Conditional item exposure in multidimensional adaptive testing. • Researchers: Matt Finkelman, Michael Nering, & Louis Roussos. • Framework: Design and Modeling • Modeling the item selection algorithm so as to prevent items from being over-exposed. • Application: CAT is desired to be used with multidimensional IRT, but current exposure control techniques won’t work.
Generalized Mathematical Formulation for Computing Inter-Rater Inconsistency for BOW, Bookmark, and Yes/No methods • Researchers: Abdullah Ferdous & Barbara Plake (Univ. of Nebraska) • Framework: Statistical Analyses and Scoring and Reporting • Standard setting raters are part of the scoring procedure • Provide statistical support for internal validity • Application: Can be used as part of the standard setting process to improve the quality of the ratings.
Use of Subset of Test Items in Bookmark Standard Setting • Researchers: Abdullah Ferdous • Framework: Scoring and Reporting • Standard setting is part of the scoring procedure • Application: Can be used to streamline the Bookmark standard setting procedure, saving money and time, and perhaps increasing reliability by reducing fatigue.
Using the DFIT framework to evaluate equating items • Researchers: Michael Nering, & Wonsuk Kim. • Framework: Statistical Analyses • Support the internal validity of the equating items. • Application: A new method that may be more sensitive to ill-suited equating items than the current method that is used.
Using Person Fit in a Body of Work Standard Setting • Researchers: Matt Finkelman & Wonsuk Kim. • Framework: Statistical Analyses (major) and Scoring and Reporting (minor) • Statistical support for selecting students to be used in the body of work standard setting method. • Application: A new method for detecting aberrant students who should be excluded from the BOW standard setting.

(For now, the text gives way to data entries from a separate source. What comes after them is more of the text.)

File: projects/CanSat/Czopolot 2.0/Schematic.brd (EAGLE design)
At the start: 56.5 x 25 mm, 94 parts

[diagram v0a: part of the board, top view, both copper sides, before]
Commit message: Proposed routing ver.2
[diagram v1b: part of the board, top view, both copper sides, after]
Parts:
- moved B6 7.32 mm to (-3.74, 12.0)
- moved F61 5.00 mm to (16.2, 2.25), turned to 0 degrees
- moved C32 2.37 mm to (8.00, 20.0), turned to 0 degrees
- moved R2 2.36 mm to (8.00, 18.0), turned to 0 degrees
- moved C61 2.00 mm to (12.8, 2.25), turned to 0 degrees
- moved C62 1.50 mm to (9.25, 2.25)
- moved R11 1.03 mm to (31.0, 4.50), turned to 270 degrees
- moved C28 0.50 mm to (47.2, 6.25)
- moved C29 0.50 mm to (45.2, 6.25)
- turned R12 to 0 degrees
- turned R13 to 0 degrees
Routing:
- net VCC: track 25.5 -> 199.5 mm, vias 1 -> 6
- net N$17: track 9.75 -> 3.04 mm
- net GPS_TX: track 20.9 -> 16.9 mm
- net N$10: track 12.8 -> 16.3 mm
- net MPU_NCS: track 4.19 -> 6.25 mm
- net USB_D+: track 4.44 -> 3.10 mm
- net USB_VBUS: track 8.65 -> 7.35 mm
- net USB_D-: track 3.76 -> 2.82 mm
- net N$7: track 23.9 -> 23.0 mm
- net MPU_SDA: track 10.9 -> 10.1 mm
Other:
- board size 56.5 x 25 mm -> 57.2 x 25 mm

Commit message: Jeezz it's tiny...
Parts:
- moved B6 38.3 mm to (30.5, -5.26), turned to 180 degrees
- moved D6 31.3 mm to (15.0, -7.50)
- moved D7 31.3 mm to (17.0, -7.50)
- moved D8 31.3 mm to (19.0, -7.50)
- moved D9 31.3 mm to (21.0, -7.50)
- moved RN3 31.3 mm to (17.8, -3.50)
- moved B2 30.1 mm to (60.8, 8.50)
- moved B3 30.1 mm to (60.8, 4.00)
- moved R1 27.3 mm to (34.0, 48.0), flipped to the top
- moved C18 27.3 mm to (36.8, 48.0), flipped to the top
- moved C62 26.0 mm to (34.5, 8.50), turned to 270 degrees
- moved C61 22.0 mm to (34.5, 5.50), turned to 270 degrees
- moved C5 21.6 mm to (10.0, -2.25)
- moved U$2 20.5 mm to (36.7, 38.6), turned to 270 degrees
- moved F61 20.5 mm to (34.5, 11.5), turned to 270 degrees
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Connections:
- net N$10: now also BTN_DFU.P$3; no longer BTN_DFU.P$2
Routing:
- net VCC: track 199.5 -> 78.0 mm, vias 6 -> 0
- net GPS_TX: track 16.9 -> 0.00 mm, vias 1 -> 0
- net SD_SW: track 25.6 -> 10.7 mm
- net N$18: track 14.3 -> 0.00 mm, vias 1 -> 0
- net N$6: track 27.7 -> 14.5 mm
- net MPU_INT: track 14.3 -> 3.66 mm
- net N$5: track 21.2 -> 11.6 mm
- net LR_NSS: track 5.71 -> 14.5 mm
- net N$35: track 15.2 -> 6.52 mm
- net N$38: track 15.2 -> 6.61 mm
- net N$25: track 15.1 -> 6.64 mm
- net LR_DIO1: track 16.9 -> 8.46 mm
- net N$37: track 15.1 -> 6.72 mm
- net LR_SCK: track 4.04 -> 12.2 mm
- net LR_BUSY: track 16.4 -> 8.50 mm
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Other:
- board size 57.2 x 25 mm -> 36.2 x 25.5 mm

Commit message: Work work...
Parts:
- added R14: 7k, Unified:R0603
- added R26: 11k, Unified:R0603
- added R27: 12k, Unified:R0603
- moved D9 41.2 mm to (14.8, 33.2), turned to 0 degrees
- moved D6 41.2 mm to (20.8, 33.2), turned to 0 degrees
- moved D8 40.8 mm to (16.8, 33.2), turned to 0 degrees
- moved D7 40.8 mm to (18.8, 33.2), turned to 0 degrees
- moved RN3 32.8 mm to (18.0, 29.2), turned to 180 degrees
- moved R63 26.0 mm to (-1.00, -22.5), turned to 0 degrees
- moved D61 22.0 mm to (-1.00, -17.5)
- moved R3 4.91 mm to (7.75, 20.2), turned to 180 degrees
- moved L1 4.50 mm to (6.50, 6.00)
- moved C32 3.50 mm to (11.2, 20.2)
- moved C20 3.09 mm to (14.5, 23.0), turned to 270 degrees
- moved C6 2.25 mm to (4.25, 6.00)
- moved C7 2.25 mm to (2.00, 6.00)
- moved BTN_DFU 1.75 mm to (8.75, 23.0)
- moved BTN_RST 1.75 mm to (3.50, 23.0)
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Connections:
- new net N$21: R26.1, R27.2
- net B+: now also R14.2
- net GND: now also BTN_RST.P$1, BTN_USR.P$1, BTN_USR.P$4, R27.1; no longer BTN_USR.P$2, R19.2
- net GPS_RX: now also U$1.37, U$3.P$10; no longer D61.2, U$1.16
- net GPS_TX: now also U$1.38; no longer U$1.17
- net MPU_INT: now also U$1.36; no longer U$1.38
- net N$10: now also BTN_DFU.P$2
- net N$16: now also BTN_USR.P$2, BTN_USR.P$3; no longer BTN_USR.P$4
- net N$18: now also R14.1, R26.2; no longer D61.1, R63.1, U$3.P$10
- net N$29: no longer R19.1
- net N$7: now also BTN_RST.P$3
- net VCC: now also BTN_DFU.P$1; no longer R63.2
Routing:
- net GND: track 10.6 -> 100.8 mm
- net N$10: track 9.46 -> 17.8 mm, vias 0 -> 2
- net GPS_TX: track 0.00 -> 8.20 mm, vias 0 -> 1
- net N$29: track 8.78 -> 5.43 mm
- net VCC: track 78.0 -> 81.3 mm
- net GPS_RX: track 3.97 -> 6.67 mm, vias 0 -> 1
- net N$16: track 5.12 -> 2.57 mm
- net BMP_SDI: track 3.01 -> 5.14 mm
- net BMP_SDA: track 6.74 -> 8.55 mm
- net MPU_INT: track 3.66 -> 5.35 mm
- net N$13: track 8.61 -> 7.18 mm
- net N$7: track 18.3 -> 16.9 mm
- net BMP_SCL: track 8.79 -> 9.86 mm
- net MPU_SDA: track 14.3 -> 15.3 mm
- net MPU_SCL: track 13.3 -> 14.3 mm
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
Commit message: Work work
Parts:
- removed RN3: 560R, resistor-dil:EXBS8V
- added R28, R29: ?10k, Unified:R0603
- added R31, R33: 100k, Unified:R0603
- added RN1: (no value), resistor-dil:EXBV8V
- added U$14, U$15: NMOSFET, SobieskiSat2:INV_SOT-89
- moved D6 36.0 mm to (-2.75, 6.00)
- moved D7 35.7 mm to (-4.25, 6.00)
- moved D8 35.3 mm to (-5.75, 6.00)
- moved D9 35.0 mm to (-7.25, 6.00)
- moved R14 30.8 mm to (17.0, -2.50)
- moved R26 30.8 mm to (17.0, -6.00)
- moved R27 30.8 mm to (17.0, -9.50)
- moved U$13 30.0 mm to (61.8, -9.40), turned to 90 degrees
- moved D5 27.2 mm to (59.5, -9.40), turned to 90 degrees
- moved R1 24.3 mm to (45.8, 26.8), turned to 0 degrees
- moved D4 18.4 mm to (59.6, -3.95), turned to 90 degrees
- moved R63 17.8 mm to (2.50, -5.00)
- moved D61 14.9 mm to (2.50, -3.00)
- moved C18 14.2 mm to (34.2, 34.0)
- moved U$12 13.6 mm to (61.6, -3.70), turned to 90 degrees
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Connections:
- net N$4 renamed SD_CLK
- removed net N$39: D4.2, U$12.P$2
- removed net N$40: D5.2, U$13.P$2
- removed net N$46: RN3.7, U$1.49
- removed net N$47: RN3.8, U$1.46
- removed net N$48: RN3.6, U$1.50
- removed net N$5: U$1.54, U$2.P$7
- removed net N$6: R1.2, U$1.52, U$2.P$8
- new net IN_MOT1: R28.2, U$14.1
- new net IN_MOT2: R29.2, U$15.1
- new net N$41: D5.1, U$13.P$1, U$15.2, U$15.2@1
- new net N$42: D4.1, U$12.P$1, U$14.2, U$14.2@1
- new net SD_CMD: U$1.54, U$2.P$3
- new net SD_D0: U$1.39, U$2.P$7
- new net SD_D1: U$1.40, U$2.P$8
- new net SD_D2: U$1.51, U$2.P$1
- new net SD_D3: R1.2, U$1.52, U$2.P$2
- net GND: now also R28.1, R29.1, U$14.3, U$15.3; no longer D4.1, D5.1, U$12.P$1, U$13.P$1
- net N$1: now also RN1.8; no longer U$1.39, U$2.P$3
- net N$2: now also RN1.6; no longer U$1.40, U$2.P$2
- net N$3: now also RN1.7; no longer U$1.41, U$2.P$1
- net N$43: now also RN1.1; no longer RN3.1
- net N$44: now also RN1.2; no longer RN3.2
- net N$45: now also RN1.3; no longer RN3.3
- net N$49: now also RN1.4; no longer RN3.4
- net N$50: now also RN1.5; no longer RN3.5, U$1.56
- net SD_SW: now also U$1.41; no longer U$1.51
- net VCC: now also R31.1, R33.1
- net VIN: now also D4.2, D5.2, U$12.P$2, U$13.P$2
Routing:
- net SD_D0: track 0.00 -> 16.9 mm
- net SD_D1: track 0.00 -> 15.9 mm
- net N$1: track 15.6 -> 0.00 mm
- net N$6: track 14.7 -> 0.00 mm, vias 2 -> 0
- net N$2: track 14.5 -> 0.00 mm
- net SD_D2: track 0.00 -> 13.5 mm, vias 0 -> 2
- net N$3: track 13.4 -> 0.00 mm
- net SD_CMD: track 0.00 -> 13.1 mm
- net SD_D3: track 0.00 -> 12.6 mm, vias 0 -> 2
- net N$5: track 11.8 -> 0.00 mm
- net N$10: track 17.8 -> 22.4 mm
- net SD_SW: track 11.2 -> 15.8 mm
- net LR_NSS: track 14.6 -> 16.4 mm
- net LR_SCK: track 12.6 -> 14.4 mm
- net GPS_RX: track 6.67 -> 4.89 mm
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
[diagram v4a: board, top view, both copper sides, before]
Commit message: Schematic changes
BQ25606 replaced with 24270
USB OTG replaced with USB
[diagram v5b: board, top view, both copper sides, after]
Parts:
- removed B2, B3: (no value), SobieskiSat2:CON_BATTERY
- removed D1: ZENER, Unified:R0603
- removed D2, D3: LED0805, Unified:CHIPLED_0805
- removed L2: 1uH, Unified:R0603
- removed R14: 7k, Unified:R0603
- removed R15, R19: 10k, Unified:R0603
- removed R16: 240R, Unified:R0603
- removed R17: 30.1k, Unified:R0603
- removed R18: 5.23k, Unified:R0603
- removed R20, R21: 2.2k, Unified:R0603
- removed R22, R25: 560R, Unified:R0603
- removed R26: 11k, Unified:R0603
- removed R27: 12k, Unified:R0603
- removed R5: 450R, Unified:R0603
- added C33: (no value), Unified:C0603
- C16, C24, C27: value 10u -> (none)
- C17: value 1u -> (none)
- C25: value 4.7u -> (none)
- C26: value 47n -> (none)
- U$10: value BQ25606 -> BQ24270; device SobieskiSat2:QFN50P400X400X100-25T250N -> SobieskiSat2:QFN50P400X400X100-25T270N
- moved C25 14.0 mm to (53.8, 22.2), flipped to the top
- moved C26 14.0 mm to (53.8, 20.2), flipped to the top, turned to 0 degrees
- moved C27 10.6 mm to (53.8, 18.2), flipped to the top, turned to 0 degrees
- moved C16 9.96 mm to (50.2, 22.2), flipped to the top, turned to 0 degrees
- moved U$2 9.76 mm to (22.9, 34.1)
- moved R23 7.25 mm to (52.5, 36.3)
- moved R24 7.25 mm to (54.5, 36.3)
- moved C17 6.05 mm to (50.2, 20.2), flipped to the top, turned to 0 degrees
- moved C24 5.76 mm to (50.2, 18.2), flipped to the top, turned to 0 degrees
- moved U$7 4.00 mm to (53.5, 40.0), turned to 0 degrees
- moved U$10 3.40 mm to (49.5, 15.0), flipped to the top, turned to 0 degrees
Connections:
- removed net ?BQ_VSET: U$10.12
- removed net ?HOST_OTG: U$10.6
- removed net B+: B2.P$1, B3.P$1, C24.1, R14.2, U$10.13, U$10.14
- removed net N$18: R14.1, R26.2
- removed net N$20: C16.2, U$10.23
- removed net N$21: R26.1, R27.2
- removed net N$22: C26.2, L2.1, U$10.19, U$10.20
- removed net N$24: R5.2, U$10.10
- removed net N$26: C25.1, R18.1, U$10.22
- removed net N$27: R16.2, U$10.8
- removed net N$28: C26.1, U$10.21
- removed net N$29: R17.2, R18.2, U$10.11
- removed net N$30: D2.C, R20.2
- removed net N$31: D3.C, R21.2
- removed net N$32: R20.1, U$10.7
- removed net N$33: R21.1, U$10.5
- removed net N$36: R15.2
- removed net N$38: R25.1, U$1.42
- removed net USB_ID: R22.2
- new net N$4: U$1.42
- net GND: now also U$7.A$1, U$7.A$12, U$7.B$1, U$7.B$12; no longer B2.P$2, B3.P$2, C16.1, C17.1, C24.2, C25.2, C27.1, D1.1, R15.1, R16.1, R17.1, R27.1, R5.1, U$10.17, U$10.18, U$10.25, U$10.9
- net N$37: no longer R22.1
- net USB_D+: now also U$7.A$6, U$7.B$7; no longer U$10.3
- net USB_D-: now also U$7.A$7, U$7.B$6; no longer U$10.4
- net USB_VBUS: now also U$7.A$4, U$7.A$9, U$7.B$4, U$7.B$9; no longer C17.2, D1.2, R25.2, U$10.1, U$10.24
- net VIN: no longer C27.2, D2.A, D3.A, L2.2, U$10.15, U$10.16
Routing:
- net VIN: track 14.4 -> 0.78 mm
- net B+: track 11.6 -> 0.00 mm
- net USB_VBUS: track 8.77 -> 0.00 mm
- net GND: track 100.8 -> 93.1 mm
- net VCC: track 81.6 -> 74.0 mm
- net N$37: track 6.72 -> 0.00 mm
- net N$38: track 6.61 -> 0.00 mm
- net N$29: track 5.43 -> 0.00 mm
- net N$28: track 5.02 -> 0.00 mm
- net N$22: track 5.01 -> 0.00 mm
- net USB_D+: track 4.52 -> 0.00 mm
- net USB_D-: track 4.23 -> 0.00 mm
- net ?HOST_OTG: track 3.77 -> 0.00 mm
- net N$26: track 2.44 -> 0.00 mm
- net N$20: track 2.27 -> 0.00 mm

Development and evaluation of an effect-size measure for the DIMTEST statistic • Researchers: Minhee Seo (U. of Ill.) & Louis Roussos • Framework: Statistical Analyses • DIMTEST assesses test unidimensionality, giving statistical support for test internal validity. • Application: Testing programs want us to check dimensionality. DIMTEST is a reliable hypothesis test. An effect size measure much improves the interpretation of DIMTEST results.
Variations of Body of Work. • Researchers: Kevin Sweeney and Abdullah Ferdous. • Framework: Scoring and Reporting. • Body or Work is a standard setting method, which, of course, determines cut scores for a test. • Application: To improve the efficiency of BOW by reducing the time and work activities in preparing for and conducting the standard setting.
Detection of compromised items in personnel selection examination • Researchers: Yongwei Yang (Gallup), Abdullah Ferdous, & Katherine Chin (U. of Neb). • Framework: Statistical Analyses—Validity. • Old method looked at change in p-value over time; new improved method does this conditional on ability. • Application: Improves the efficacy of personnel selection by getting rid of compromised items. Can also be used to improve item bank for appropriate assessment programs (like CAT).
Concluding Remarks • In Educational Assessment, psychometric research and practice are interdependent. • Good communication b/t research and practice is essential for the efficacy of both. • Our research ideas come directly from questions and problems that arise in practice • Our Research Framework helps give structure and completeness to both our research and practice.